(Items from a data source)
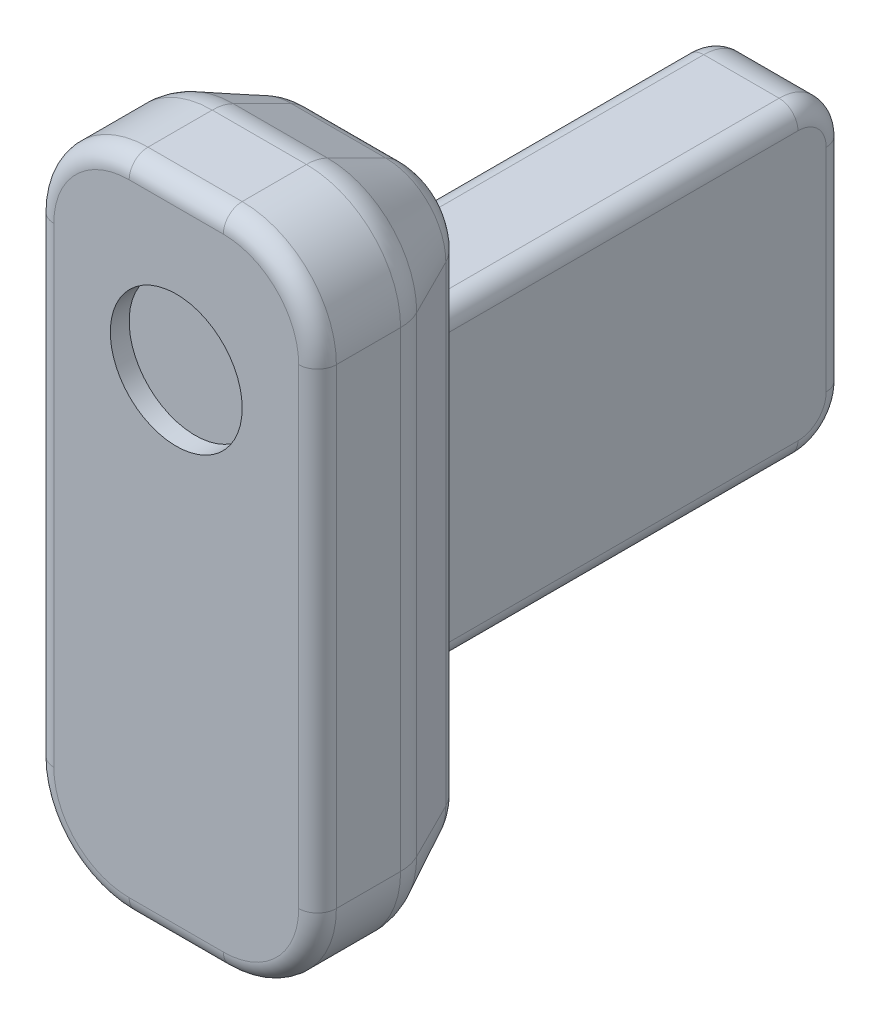
from build123d import *

# Parameters (mm, degrees)
SKETCH1_W           = 30
SKETCH1_H           = 70
BOSS_EXTRUDE1_DEPTH = 20
FILLET1_R           = 10
FILLET2_R           = 2
CHAMFER1_SIZE       = 5
CHAMFER1_SIZE2      = 10
FILLET3_R           = 5
SKETCH2_W           = 12
SKETCH2_H           = 32.5
BOSS_EXTRUDE2_DEPTH = 45
FILLET4_R           = 5
SKETCH3_R           = 7
CUT_EXTRUDE1_DEPTH  = 2
FILLET5_R           = 2


with BuildPart() as part:
    # Sketch1 → Boss-Extrude1 (new body)
    with BuildSketch(Plane.XY):
        with Locations((57.367254616, -81.313756287)):
            Rectangle(SKETCH1_W, SKETCH1_H)
    extrude(amount=-BOSS_EXTRUDE1_DEPTH)

    # Fillet1
    fillet1_edges = [part.edges().sort_by_distance(p)[0] for p in [
        (42.367254616, -46.313756287, -10),
        (72.367254616, -46.313756287, -10),
        (72.367254616, -116.313756287, -10),
        (42.367254616, -116.313756287, -10),
    ]]
    fillet(fillet1_edges, radius=FILLET1_R)

    # Fillet2
    fillet2_edges = [part.edges().sort_by_distance(p)[0] for p in [
        (57.367254616, -46.313756287, 0),
        (42.367254616, -81.313756287, 0),
        (57.367254616, -116.313756287, 0),
        (72.367254616, -81.313756287, 0),
        (69.438322428, -113.384824099, 0),
        (45.296186805, -113.384824099, 0),
        (69.438322428, -49.242688475, 0),
        (45.296186805, -49.242688475, 0),
    ]]
    fillet(fillet2_edges, radius=FILLET2_R)

    # Chamfer1
    chamfer1_edges = [part.edges().sort_by_distance(p)[0] for p in [
        (57.367254616, -46.313756287, -20),
        (42.367254616, -81.313756287, -20),
        (72.367254616, -81.313756287, -20),
        (57.367254616, -116.313756287, -20),
        (69.438322428, -113.384824099, -20),
        (45.296186805, -113.384824099, -20),
        (69.438322428, -49.242688475, -20),
        (45.296186805, -49.242688475, -20),
    ]]
    chamfer1_side = [part.faces().sort_by_distance(p)[0] for p in [
        (57.367254616, -81.313756287, -20),
    ]]
    chamfer(chamfer1_edges, length=CHAMFER1_SIZE, length2=CHAMFER1_SIZE2, reference=chamfer1_side[0])

    # Fillet3
    fillet3_edges = [part.edges().sort_by_distance(p)[0] for p in [
        (42.367254616, -81.313756287, -10),
        (67.367254616, -81.313756287, -20),
        (65.902788522, -52.778222381, -20),
        (65.902788522, -109.849290193, -20),
        (57.367254616, -51.313756287, -20),
        (57.367254616, -111.313756287, -20),
        (48.83172071, -52.778222381, -20),
        (48.83172071, -109.849290193, -20),
        (47.367254616, -81.313756287, -20),
        (45.296186805, -113.384824099, -10),
        (45.296186805, -49.242688475, -10),
        (57.367254616, -116.313756287, -10),
        (57.367254616, -46.313756287, -10),
        (69.438322428, -113.384824099, -10),
        (69.438322428, -49.242688475, -10),
        (72.367254616, -81.313756287, -10),
    ]]
    fillet(fillet3_edges, radius=FILLET3_R)

    # Sketch2 → Boss-Extrude2 (add)
    with BuildSketch(Plane(origin=(0, 0, -20), x_dir=(-1, 0, 0), z_dir=(0, 0, -1))):
        with Locations((-57.367254616, -82.563756287)):
            Rectangle(SKETCH2_W, SKETCH2_H)
    extrude(amount=BOSS_EXTRUDE2_DEPTH)

    # Fillet4
    fillet4_edges = [part.edges().sort_by_distance(p)[0] for p in [
        (57.367254616, -98.813756287, -65),
        (57.367254616, -66.313756287, -65),
    ]]
    fillet(fillet4_edges, radius=FILLET4_R)

    # Sketch3 → Cut-Extrude1 (cut)
    with BuildSketch(Plane.XY):
        with Locations((57.367254616, -63.313756287)):
            Circle(SKETCH3_R)
    extrude(amount=-CUT_EXTRUDE1_DEPTH, mode=Mode.SUBTRACT)

    # Fillet5
    fillet5_edges = [part.edges().sort_by_distance(p)[0] for p in [
        (63.367254616, -82.563756287, -65),
        (51.367254616, -82.563756287, -65),
        (63.367254616, -98.813756287, -40),
        (63.367254616, -66.313756287, -40),
        (63.367254616, -97.349290193, -63.535533906),
        (63.367254616, -67.778222381, -63.535533906),
        (51.367254616, -66.313756287, -40),
        (51.367254616, -98.813756287, -40),
        (51.367254616, -97.349290193, -63.535533906),
        (51.367254616, -67.778222381, -63.535533906),
    ]]
    fillet(fillet5_edges, radius=FILLET5_R)


solid = part.part

— Exercise goal —
Check every line of the data above for the string "with", and copy those that have it.

— Answer section —
with BuildPart() as part:
    with BuildSketch(Plane.XY):
        with Locations((57.367254616, -81.313756287)):
    with BuildSketch(Plane(origin=(0, 0, -20), x_dir=(-1, 0, 0), z_dir=(0, 0, -1))):
        with Locations((-57.367254616, -82.563756287)):
    with BuildSketch(Plane.XY):
        with Locations((57.367254616, -63.313756287)):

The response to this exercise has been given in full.